In most unseen attack scenarios, MC-CNN outperforms the traditional baseline, demonstrating strong generalization across attack types. For example, after excluding silicone or replay attacks, the system still effectively detects unseen attacks (ACER is noticeably lower than the baseline).

However, the glasses attack performed poorly in both the baseline and MC-CNN systems. The primary reason for this is the high similarity of the visual features between bonafide individuals wearing glasses and the glasses attack, particularly in the depth and thermal channels, which resulted in the model misclassifying it as a real sample.

Conclusion

The shortcomings of this paper are quite apparent. In real-world applications, we often only have access to RGB images. The hardware costs and synchronization requirements of multi-channel sensor devices make this approach difficult to implement directly in practice.

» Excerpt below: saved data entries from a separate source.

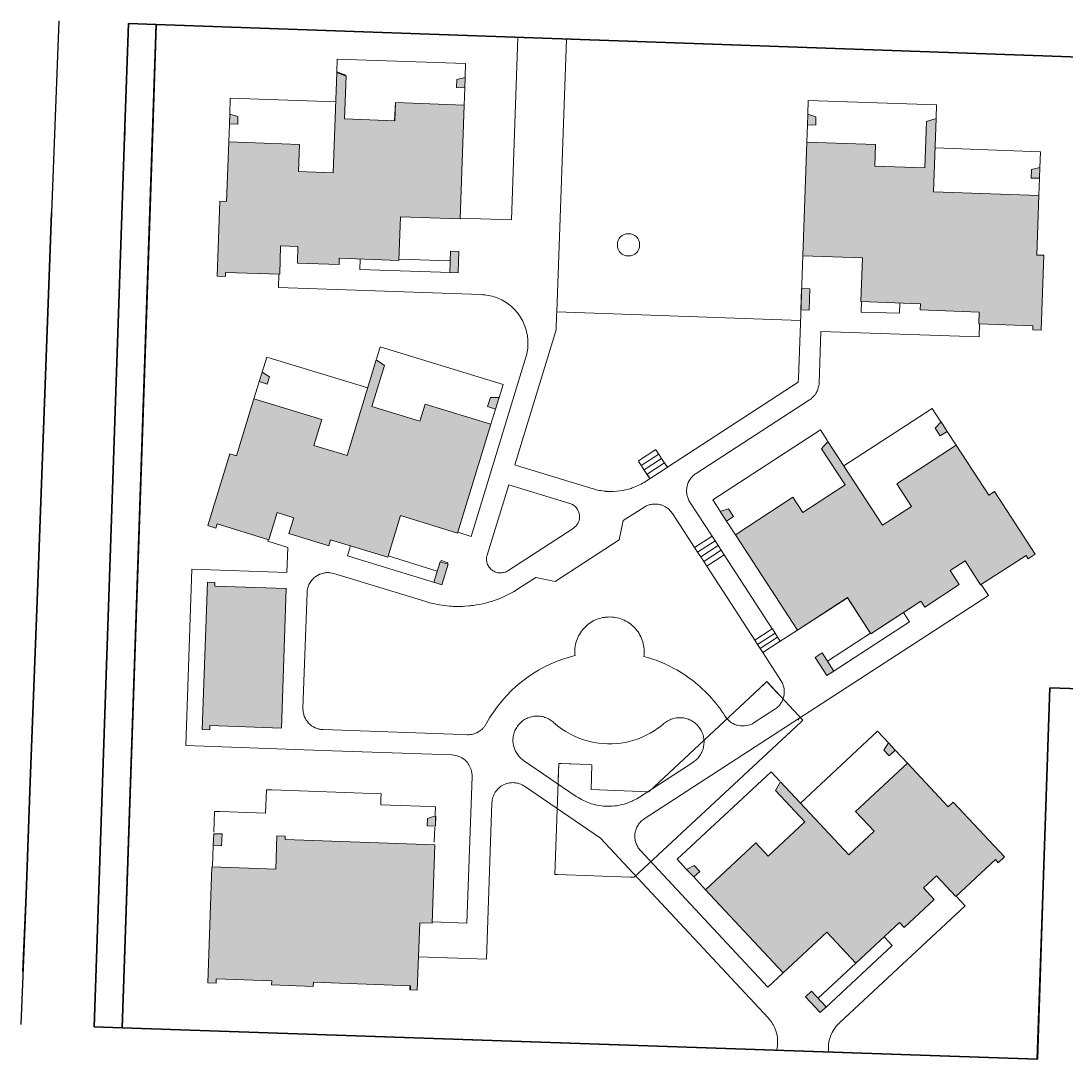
# Model space of a CAD drawing. Header units: centimetres. Extents: x 0 to 25250, y 0 to 2250.
# Drawn here: x 5364.3 to 5514.8, y 970.6 to 1120.2 of the extents above; entities that cross this region are included whole.
import ezdxf

# ---------------------------------------------------------------- set-up
doc = ezdxf.new("R2010")
doc.units = ezdxf.units.CM
for name, color, linetype, lineweight in [('A-DETL', 7, 'Continuous', 9), ('A-DETL-GENF', 7, 'Continuous', 9), ('A-DETL-MBND', 7, 'Continuous', 9), ('A-DETL-THIN', 7, 'Continuous', 9)]:
    doc.layers.add(name, color=color, linetype=linetype, lineweight=lineweight)

msp = doc.modelspace()

# ---------------------------------------------------------------- hatches: boundary and pattern name
at = {"layer": 'A-DETL-GENF', "true_color": 0x808080}
h = msp.add_hatch(color=8, dxfattribs=at)
h.paths.add_polyline_path([(5393.71, 1083.4), (5393.73, 1084), (5401.53, 1083.73), (5401.67, 1087.82), (5404.17, 1087.74), (5404.09, 1085.34), (5410.08, 1085.13), (5410.11, 1086.03), (5418.71, 1085.72), (5418.93, 1092.02), (5427.52, 1091.72), (5428.1, 1108.11), (5418.21, 1108.46), (5418.07, 1105.86), (5410.87, 1106.11), (5411.04, 1112.32), (5409.75, 1112.79), (5409.25, 1098.36), (5404.25, 1098.54), (5404.39, 1102.44), (5394.19, 1102.8), (5393.89, 1094.2), (5392.89, 1094.24), (5392.51, 1083.44)])
h.paths.add_polyline_path([(5427.25, 1083.92), (5427.36, 1087.02), (5426.16, 1087.06), (5426.05, 1083.97)])
h.paths.add_polyline_path([(5395.48, 1105.35), (5395.52, 1106.45), (5394.33, 1106.79), (5394.28, 1105.4)])
h.paths.add_polyline_path([(5428.19, 1110.61), (5428.24, 1112.1), (5427.03, 1111.81), (5426.99, 1110.65)])
at = {"layer": 'A-DETL-GENF'}
msp.add_hatch(color=256, dxfattribs=at).paths.add_polyline_path([(5411.04, 1112.32), (5411.04, 1112.42), (5409.76, 1112.89), (5409.75, 1112.79)])
at = {"layer": 'A-DETL-GENF', "true_color": 0x808080}
h = msp.add_hatch(color=8, dxfattribs=at)
h.paths.add_polyline_path([(5511.23, 1075.68), (5511.61, 1086.47), (5510.61, 1086.53), (5510.91, 1095.1), (5495.72, 1095.63), (5496.09, 1106.16), (5494.73, 1105.76), (5494.49, 1099.08), (5487.25, 1099.33), (5487.36, 1102.43), (5477.46, 1102.78), (5476.89, 1086.39), (5485.48, 1086.09), (5485.26, 1079.79), (5493.85, 1079.49), (5493.82, 1078.59), (5502.32, 1078.29), (5502.26, 1076.59), (5510.05, 1076.32), (5510.03, 1075.72)])
h.paths.add_polyline_path([(5477.81, 1078.55), (5477.92, 1081.65), (5476.72, 1081.69), (5476.61, 1078.6)])
h.paths.add_polyline_path([(5511, 1097.56), (5511.05, 1099.1), (5509.84, 1098.84), (5509.8, 1097.6)])
h.paths.add_polyline_path([(5478.75, 1105.24), (5478.79, 1106.4), (5477.6, 1106.78), (5477.55, 1105.28)])
h = msp.add_hatch(color=8, dxfattribs=at)
h.paths.add_polyline_path([(5424.88, 1038.99), (5425.78, 1041.95), (5424.64, 1042.3), (5423.73, 1039.34)])
h.paths.add_polyline_path([(5417.09, 1042.94), (5418.94, 1048.96), (5427.16, 1046.44), (5431.96, 1062.13), (5422.49, 1065.02), (5421.73, 1062.54), (5414.8, 1064.66), (5416.61, 1070.58), (5415.45, 1071.4), (5411.23, 1057.6), (5406.44, 1059.06), (5407.59, 1062.79), (5397.83, 1065.77), (5395.32, 1057.55), (5394.36, 1057.84), (5391.2, 1047.52), (5392.35, 1047.16), (5392.52, 1047.74), (5399.98, 1045.46), (5401.18, 1049.38), (5403.57, 1048.64), (5402.87, 1046.35), (5408.61, 1044.59), (5408.87, 1045.45)])
h.paths.add_polyline_path([(5432.63, 1064.31), (5433.13, 1065.95), (5431.88, 1065.98), (5431.48, 1064.66)])
h.paths.add_polyline_path([(5399.74, 1067.91), (5400.06, 1068.96), (5399, 1069.6), (5398.59, 1068.26)])
h = msp.add_hatch(color=8, dxfattribs=at)
h.paths.add_polyline_path([(5480.35, 1025.9), (5481.36, 1026.55), (5479.67, 1029.15), (5478.66, 1028.5), (5479.82, 1026.72)])
h.paths.add_polyline_path([(5486.69, 1031.93), (5493.91, 1036.61), (5494.45, 1035.77), (5499.44, 1039), (5498.13, 1041.02), (5500.28, 1042.41), (5502.51, 1038.97), (5509.05, 1043.22), (5509.38, 1042.71), (5510.38, 1043.37), (5504.5, 1052.43), (5503.67, 1051.88), (5498.98, 1059.09), (5490.43, 1053.54), (5492.55, 1050.27), (5488.36, 1047.55), (5480.5, 1059.65), (5479.61, 1058.55), (5482.98, 1053.36), (5476.9, 1049.41), (5475.48, 1051.59), (5467.18, 1046.2), (5476.11, 1032.44), (5483.33, 1037.1)])
h.paths.add_polyline_path([(5465.91, 1048.16), (5466.91, 1048.81), (5466.19, 1049.92), (5465, 1049.56)])
h.paths.add_polyline_path([(5496.68, 1060.43), (5497.69, 1061.09), (5496.81, 1062.45), (5495.96, 1061.54)])
msp.add_hatch(color=8, dxfattribs=at).paths.add_polyline_path([(5391.45, 1018.08), (5391.47, 1018.68), (5401.79, 1018.31), (5402.49, 1038.43), (5392.18, 1038.79), (5392.2, 1039.31), (5391.12, 1039.35), (5390.37, 1018.12)])
h = msp.add_hatch(color=8, dxfattribs=at)
h.paths.add_polyline_path([(5479.38, 977.33), (5480.26, 978.15), (5478.15, 980.42), (5477.27, 979.6), (5478.09, 978.72)])
h.paths.add_polyline_path([(5474.06, 983.04), (5480.35, 988.9), (5484.51, 984.44), (5490.8, 990.3), (5491.49, 989.57), (5495.83, 993.62), (5494.26, 995.3), (5496.14, 997.05), (5498.93, 994.05), (5504.64, 999.37), (5505.05, 998.93), (5505.93, 999.75), (5498.56, 1007.65), (5497.83, 1006.97), (5491.97, 1013.26), (5484.5, 1006.3), (5487.16, 1003.45), (5483.51, 1000.04), (5473.67, 1010.6), (5472.98, 1009.35), (5477.2, 1004.83), (5471.9, 999.88), (5470.12, 1001.79), (5462.88, 995.04)])
h.paths.add_polyline_path([(5461.18, 996.87), (5462.06, 997.68), (5461.26, 998.53), (5460.15, 997.96)])
h.paths.add_polyline_path([(5489.32, 1014.34), (5490.19, 1015.16), (5489.24, 1016.18), (5488.57, 1015.14)])
at = {"layer": 'A-DETL-GENF', "true_color": 0xff8080}
h = msp.add_hatch(color=11, dxfattribs=at)
h.paths.add_polyline_path([(5421.36, 980.57), (5421.7, 990.26), (5423.5, 990.2), (5423.89, 1001.49), (5402.31, 1002.25), (5402.32, 1002.75), (5401.12, 1002.79), (5400.96, 997.99), (5391.76, 998.32), (5391.17, 981.63), (5392.37, 981.59), (5392.39, 982.19), (5400.39, 981.9), (5400.37, 981.31), (5406.36, 981.09), (5406.39, 981.69), (5420.38, 981.2), (5420.36, 980.6), (5421.14, 980.57)])
h.paths.add_polyline_path([(5393.17, 1001.37), (5393.23, 1003.07), (5392.03, 1003.11), (5391.97, 1001.41)])
h.paths.add_polyline_path([(5423.99, 1004.19), (5424, 1005.68), (5422.83, 1005.28), (5422.79, 1004.23)])

# ---------------------------------------------------------------- linework, layer by layer
at = {"layer": 'A-DETL', "color": 7, "lineweight": 30}
for p, q in [((5369.72, 1120.24), (5368.68, 1092.58)), ((5383.75, 1119.71), (5378.85, 975.13)), ((5378.85, 975.13), (5383.75, 1119.71)), ((5379.24, 1104.98), (5379.74, 1119.89)), ((5379.74, 1119.85), (5379.24, 1104.98)), ((5379.74, 1119.89), (5648.46, 1110.39)), ((5383.75, 1119.71), (5379.74, 1119.85)), ((5379.74, 1119.85), (5383.75, 1119.71)), ((5383.75, 1119.71), (5383.24, 1104.85)), ((5383.24, 1104.85), (5383.75, 1119.71)), ((5648.46, 1110.39), (5383.75, 1119.71)), ((5383.75, 1119.71), (5648.46, 1110.39)), ((5648.46, 1110.39), (5383.75, 1119.71)), ((5379.24, 1104.98), (5378.24, 1075.25)), ((5378.24, 1075.25), (5379.24, 1104.98)), ((5379.24, 1104.98), (5379.21, 1103.78)), ((5379.21, 1103.78), (5379.24, 1104.98)), ((5383.24, 1104.85), (5382.24, 1075.11)), ((5382.24, 1075.11), (5383.24, 1104.85)), ((5367.65, 1065.25), (5368.68, 1092.58)), ((5368.68, 1092.58), (5367.65, 1065.25)), ((5378.24, 1075.25), (5376.65, 1028.78)), ((5376.65, 1028.78), (5378.24, 1075.25)), ((5382.24, 1075.11), (5380.66, 1028.64)), ((5380.66, 1028.64), (5382.24, 1075.11)), ((5366.62, 1037.9), (5367.65, 1065.25)), ((5367.65, 1065.25), (5366.62, 1037.9)), ((5365.58, 1010.57), (5366.62, 1037.9)), ((5366.62, 1037.9), (5365.58, 1010.57)), ((5376.65, 1028.78), (5374.83, 975.27)), ((5374.83, 975.27), (5376.65, 1028.78)), ((5380.66, 1028.64), (5378.85, 975.13)), ((5378.85, 975.13), (5380.66, 1028.64)), ((5512.48, 1024.15), (5511.46, 994.26)), ((5511.46, 994.26), (5512.48, 1024.15)), ((5512.48, 1024.15), (5511.46, 994.26)), ((5511.46, 994.26), (5512.48, 1024.15)), ((5734.74, 1016.47), (5512.48, 1024.15)), ((5512.48, 1024.15), (5734.74, 1016.47)), ((5645.38, 1019.61), (5512.48, 1024.15)), ((5512.48, 1024.15), (5645.38, 1019.61)), ((5364.99, 994.3), (5365.58, 1010.57)), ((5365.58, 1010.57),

However, from the perspective of the dataset, this paper defines the "unseen attack" evaluation setting, which differs from traditional single-classification criteria. This is still valuable in the context of today's open-set and anomaly detection discussions. Additionally, the challenges identified by the authors (such as detecting partial attacks and the fuzzy boundaries between attack types) remain significant issues that researchers still face.

Lastly, the concept of "multi-channel" could be further expanded into "multi-modal":

Not only different spectral or depth dimensions of image inputs but also combining voice, behavior, contextual information, and other heterogeneous perception sources to develop a truly cross-perceptual-domain defense system.

From this perspective, while this paper may not be a pioneer in multi-modal AI, it provides an early prototype of sensor fusion for joint perception, which remains insightful for future developments.